## [Source material]
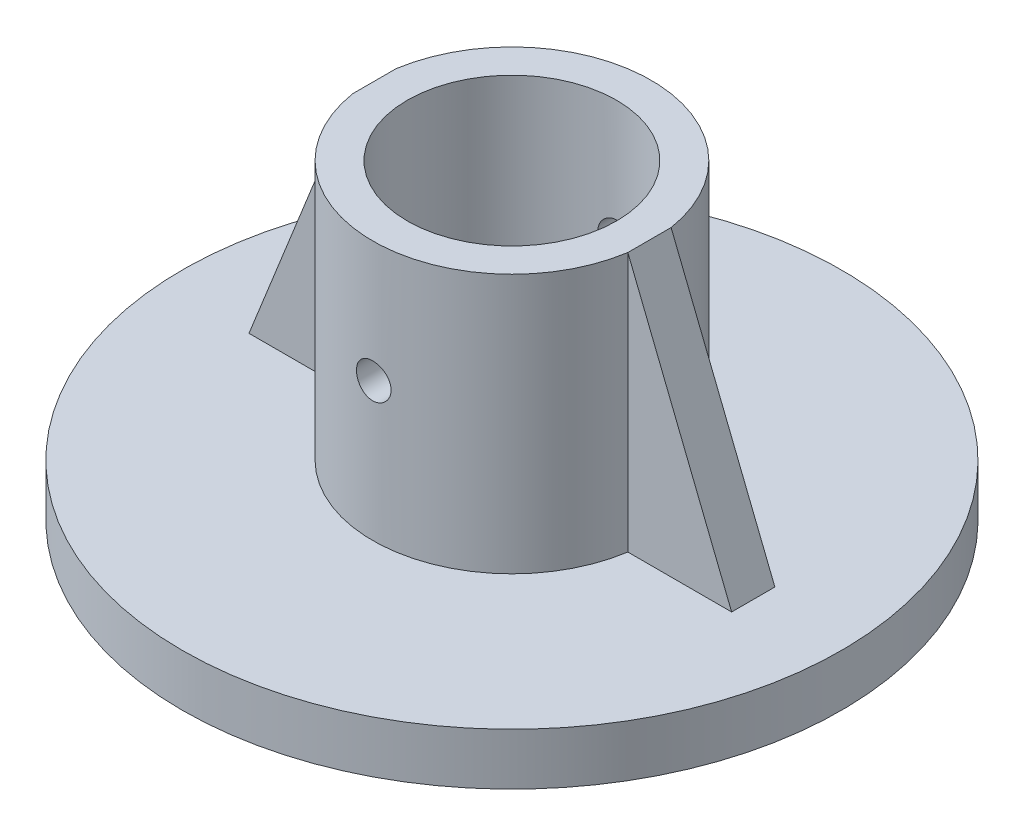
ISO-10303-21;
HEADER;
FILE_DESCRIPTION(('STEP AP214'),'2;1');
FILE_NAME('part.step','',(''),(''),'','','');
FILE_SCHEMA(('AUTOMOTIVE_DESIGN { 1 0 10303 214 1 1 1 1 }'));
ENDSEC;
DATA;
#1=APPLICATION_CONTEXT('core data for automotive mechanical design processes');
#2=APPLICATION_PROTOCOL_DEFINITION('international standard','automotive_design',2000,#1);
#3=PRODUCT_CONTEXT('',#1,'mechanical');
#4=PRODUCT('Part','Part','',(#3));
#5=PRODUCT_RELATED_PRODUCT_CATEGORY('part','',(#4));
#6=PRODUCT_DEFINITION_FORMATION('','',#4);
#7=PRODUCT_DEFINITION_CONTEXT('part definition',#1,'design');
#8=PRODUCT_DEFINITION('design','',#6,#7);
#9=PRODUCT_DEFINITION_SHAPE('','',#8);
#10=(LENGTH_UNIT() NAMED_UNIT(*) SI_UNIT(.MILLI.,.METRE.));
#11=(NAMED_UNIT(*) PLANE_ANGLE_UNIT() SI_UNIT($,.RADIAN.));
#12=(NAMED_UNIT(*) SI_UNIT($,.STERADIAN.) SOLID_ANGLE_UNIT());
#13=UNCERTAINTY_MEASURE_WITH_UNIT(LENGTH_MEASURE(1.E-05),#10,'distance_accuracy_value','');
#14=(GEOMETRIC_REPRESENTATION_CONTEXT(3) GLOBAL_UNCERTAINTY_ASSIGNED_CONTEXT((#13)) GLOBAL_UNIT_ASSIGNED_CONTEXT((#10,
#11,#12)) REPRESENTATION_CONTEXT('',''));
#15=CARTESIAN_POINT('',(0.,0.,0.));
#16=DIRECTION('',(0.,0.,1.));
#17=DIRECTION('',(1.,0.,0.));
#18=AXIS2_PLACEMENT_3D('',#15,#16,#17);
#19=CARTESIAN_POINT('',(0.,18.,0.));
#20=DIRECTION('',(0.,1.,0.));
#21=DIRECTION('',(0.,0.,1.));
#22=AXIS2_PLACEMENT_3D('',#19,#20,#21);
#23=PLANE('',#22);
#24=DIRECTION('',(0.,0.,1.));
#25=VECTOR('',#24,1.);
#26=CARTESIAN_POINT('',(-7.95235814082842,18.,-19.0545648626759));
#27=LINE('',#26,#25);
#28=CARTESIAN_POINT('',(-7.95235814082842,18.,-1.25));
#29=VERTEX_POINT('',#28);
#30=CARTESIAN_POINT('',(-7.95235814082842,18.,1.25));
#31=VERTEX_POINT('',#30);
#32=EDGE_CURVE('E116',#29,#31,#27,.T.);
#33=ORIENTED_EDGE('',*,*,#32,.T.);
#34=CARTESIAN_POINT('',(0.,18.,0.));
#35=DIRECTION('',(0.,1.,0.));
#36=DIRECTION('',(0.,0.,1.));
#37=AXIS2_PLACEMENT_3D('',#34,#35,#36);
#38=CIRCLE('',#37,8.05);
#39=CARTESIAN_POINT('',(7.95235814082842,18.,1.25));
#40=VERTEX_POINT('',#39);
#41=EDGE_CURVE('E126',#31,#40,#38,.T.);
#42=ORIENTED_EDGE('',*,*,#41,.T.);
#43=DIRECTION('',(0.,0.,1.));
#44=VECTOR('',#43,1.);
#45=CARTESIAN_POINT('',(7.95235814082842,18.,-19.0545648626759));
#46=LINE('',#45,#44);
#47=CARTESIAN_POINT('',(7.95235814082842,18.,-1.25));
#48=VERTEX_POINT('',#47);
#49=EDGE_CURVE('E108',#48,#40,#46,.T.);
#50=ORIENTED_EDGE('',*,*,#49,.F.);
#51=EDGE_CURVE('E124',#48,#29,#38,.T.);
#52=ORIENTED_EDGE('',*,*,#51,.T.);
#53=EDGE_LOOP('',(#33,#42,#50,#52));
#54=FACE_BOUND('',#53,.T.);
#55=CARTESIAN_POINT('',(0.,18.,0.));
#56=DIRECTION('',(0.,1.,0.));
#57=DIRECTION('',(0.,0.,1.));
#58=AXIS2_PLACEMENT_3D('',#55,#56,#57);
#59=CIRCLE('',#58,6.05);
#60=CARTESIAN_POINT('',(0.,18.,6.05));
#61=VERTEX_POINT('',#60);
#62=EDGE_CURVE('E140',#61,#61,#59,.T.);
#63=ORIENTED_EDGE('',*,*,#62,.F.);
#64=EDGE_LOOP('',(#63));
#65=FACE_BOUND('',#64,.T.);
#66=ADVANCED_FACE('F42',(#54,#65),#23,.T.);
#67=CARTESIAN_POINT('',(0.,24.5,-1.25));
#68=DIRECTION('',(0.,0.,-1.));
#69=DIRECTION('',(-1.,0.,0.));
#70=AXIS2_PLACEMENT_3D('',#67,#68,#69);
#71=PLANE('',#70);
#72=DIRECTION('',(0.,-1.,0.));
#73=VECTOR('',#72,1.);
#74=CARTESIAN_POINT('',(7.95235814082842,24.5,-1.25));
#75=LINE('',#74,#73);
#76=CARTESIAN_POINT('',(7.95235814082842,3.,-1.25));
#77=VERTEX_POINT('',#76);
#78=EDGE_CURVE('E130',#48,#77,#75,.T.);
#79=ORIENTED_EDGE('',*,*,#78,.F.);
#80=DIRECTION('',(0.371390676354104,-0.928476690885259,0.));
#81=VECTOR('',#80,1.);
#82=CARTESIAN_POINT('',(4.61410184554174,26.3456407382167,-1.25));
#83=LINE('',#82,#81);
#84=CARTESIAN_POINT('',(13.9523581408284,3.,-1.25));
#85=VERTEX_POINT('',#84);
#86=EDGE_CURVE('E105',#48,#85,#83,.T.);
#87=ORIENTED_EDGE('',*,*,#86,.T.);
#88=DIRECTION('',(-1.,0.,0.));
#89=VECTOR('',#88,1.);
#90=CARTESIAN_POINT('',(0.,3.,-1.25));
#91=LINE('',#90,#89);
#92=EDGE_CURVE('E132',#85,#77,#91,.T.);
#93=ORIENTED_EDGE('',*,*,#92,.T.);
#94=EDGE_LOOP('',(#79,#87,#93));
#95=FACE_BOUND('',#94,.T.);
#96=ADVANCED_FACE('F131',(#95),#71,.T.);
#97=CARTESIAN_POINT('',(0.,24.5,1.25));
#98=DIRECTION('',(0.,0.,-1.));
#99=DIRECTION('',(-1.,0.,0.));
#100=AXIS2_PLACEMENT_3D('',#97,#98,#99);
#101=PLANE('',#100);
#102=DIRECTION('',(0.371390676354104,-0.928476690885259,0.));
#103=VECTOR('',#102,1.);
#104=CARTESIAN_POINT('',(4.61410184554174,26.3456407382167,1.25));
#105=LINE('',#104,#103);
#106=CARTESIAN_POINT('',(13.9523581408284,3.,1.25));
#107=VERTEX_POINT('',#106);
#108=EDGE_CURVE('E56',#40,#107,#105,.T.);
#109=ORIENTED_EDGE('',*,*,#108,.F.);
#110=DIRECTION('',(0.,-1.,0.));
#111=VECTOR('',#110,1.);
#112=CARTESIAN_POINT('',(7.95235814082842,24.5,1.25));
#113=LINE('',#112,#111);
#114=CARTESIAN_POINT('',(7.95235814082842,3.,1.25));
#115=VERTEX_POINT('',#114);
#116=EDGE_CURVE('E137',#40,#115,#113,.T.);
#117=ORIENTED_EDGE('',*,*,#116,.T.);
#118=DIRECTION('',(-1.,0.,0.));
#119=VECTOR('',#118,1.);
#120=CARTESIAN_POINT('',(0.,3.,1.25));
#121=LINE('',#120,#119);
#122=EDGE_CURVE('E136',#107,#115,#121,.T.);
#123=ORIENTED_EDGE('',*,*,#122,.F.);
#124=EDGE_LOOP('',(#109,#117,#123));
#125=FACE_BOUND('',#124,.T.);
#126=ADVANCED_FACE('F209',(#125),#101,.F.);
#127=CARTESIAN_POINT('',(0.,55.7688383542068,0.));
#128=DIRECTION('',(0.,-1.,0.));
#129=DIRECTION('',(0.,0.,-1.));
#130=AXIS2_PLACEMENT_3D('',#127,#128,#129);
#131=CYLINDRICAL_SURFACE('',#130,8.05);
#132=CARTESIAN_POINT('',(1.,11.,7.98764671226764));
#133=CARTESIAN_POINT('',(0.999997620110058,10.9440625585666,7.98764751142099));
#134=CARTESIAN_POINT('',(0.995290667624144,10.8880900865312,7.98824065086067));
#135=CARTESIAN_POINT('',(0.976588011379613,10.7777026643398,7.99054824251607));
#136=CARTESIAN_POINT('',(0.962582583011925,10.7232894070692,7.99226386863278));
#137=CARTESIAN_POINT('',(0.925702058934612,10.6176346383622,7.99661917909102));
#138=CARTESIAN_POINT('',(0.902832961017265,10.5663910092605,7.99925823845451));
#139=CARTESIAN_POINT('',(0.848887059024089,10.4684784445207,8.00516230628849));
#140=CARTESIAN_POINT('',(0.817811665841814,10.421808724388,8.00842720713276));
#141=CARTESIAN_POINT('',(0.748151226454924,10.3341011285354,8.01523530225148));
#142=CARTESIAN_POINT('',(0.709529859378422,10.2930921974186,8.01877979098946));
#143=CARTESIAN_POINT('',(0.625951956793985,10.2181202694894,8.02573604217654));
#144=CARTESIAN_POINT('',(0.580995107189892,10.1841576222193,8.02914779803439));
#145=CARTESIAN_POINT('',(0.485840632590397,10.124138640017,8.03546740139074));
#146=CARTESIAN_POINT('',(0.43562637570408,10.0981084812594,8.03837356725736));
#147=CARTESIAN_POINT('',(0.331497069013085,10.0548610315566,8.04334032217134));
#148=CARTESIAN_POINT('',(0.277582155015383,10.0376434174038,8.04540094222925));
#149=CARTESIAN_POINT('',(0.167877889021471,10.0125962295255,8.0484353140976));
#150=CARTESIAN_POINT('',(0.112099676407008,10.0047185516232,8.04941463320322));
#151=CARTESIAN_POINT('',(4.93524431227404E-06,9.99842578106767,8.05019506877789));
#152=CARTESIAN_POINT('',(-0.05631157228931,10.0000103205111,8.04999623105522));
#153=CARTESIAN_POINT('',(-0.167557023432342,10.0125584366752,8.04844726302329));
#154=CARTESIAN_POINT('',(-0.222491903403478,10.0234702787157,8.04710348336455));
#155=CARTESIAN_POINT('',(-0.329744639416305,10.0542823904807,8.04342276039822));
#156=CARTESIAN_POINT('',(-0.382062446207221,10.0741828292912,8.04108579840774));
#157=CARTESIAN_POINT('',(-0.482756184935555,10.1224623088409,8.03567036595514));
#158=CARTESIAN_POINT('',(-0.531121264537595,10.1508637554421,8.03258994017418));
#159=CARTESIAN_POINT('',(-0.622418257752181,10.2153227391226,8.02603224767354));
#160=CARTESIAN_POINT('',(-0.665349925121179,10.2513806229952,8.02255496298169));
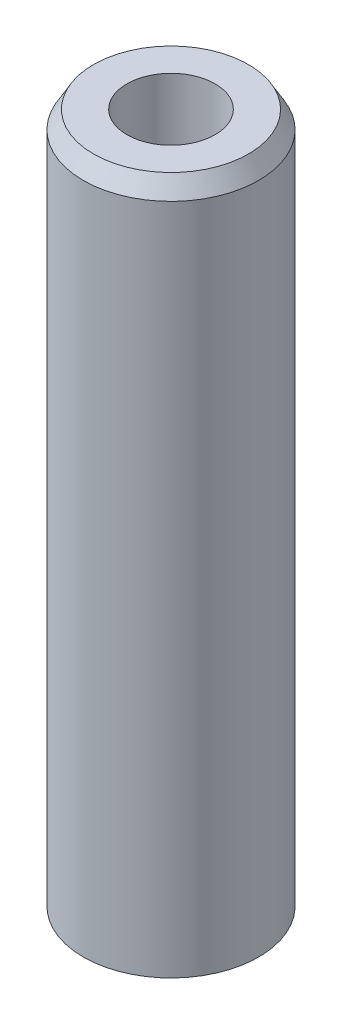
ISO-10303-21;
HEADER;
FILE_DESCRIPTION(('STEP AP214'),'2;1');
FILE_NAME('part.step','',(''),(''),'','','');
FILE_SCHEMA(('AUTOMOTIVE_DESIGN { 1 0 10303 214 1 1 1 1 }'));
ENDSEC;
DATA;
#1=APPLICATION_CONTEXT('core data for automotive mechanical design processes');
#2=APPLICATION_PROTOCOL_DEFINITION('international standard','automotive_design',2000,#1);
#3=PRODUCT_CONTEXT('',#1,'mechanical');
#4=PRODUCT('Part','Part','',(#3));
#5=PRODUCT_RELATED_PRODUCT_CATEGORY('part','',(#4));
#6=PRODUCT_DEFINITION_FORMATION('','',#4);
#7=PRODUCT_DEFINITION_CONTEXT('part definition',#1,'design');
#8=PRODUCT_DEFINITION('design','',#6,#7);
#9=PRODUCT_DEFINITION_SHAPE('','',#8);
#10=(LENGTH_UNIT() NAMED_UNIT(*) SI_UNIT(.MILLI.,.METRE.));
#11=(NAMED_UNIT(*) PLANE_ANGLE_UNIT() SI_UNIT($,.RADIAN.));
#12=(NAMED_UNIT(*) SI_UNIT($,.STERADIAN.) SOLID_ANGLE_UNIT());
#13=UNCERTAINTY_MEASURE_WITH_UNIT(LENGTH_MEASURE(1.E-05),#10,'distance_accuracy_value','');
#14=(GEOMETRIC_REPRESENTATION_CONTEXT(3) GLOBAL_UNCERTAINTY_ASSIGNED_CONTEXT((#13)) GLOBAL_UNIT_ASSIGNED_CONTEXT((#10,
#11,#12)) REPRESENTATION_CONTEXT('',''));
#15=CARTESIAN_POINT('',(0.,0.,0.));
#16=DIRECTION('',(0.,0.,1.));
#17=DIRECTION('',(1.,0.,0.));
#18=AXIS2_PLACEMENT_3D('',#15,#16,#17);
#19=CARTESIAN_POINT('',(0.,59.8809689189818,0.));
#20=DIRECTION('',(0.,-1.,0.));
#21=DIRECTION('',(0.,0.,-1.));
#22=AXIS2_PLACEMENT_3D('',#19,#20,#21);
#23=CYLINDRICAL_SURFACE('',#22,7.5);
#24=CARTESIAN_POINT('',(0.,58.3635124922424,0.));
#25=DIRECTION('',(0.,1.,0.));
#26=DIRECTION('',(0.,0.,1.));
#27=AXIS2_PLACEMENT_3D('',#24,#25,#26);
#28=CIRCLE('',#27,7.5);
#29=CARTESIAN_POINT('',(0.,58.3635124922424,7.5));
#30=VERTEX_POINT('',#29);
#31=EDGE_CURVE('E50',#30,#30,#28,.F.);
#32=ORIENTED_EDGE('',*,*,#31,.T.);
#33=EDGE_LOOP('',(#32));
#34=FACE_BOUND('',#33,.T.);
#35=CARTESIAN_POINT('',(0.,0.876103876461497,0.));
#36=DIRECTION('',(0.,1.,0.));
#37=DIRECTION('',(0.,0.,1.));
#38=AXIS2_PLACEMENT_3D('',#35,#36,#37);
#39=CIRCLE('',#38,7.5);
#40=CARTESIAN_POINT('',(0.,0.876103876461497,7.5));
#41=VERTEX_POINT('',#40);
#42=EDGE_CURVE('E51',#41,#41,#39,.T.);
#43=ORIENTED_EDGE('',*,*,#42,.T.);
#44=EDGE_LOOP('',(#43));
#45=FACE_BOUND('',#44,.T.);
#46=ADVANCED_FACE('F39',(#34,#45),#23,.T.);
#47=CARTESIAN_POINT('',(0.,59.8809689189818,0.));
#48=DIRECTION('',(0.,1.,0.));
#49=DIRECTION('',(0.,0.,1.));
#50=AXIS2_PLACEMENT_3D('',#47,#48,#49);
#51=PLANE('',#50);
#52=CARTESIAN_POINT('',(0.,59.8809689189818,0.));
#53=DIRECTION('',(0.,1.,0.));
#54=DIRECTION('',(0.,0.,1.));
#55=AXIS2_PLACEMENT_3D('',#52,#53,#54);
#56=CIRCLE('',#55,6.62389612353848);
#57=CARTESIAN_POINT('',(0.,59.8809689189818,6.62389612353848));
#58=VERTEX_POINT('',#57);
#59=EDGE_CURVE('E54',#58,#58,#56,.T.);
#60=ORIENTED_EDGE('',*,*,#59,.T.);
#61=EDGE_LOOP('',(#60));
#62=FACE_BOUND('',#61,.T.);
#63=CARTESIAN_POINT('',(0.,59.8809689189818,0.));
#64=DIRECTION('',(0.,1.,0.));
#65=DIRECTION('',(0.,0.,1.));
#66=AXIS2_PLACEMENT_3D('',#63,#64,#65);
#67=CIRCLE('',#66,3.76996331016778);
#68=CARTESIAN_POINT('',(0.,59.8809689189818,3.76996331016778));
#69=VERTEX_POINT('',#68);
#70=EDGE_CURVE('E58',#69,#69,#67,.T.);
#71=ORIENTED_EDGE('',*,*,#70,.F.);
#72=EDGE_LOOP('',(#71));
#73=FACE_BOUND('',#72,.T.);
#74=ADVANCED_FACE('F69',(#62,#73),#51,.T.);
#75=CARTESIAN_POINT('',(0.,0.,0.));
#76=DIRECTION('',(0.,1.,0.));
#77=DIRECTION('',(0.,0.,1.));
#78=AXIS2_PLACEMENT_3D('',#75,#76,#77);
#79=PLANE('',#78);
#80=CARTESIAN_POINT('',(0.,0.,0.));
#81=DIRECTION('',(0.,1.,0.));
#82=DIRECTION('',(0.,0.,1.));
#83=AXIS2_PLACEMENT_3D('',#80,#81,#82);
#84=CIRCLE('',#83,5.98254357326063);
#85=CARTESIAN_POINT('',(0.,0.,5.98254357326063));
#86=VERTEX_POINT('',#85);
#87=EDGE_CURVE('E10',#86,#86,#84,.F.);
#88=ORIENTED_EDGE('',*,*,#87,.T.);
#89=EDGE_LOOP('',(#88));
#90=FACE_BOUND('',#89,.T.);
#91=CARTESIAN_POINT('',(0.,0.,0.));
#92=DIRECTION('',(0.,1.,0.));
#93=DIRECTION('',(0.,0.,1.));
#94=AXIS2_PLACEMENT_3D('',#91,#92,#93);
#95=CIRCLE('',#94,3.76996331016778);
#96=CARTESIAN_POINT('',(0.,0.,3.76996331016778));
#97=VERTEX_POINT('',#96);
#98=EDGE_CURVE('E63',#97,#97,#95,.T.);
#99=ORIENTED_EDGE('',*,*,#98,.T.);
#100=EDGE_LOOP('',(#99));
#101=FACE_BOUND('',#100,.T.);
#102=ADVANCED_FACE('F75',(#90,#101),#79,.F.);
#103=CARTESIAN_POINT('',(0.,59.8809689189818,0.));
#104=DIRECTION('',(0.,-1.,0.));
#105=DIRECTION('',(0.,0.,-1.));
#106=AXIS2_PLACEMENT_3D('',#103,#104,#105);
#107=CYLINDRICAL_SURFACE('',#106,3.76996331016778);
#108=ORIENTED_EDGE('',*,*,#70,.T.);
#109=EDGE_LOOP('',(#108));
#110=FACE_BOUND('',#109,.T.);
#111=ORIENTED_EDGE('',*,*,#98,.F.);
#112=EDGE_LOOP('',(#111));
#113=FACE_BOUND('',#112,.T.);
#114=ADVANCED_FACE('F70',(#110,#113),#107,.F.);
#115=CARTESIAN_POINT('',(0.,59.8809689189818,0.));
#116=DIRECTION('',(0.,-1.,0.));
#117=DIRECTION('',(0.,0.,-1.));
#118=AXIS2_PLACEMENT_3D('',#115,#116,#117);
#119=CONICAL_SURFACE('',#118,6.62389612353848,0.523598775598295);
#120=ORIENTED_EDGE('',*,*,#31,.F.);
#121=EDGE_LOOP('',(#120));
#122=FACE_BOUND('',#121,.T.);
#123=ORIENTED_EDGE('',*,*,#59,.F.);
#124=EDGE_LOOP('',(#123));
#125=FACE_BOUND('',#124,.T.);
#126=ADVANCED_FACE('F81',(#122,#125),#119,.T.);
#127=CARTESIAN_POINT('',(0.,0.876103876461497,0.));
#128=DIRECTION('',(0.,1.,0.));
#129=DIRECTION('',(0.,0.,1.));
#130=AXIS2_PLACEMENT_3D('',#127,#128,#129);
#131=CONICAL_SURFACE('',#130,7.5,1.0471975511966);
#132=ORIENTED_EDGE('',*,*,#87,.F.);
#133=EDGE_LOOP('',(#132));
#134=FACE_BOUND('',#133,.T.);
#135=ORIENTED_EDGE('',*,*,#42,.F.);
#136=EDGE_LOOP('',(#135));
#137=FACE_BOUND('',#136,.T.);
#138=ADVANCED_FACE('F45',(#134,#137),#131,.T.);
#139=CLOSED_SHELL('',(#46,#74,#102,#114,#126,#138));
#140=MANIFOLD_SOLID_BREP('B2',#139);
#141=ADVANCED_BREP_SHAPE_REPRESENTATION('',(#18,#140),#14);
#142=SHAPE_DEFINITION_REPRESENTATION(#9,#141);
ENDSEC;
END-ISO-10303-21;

## [Work to be completed]
Take the listing above and repeat exactly the lines from the one containing "#95=FACE_BOUND('',#94,.T.);" through the one containing "#121=LINE('',#120,#119);", both included.

## [Written answer]
#95=FACE_BOUND('',#94,.T.);
#96=ADVANCED_FACE('F131',(#95),#71,.T.);
#97=CARTESIAN_POINT('',(0.,24.5,1.25));
#98=DIRECTION('',(0.,0.,-1.));
#99=DIRECTION('',(-1.,0.,0.));
#100=AXIS2_PLACEMENT_3D('',#97,#98,#99);
#101=PLANE('',#100);
#102=DIRECTION('',(0.371390676354104,-0.928476690885259,0.));
#103=VECTOR('',#102,1.);
#104=CARTESIAN_POINT('',(4.61410184554174,26.3456407382167,1.25));
#105=LINE('',#104,#103);
#106=CARTESIAN_POINT('',(13.9523581408284,3.,1.25));
#107=VERTEX_POINT('',#106);
#108=EDGE_CURVE('E56',#40,#107,#105,.T.);
#109=ORIENTED_EDGE('',*,*,#108,.F.);
#110=DIRECTION('',(0.,-1.,0.));
#111=VECTOR('',#110,1.);
#112=CARTESIAN_POINT('',(7.95235814082842,24.5,1.25));
#113=LINE('',#112,#111);
#114=CARTESIAN_POINT('',(7.95235814082842,3.,1.25));
#115=VERTEX_POINT('',#114);
#116=EDGE_CURVE('E137',#40,#115,#113,.T.);
#117=ORIENTED_EDGE('',*,*,#116,.T.);
#118=DIRECTION('',(-1.,0.,0.));
#119=VECTOR('',#118,1.);
#120=CARTESIAN_POINT('',(0.,3.,1.25));
#121=LINE('',#120,#119);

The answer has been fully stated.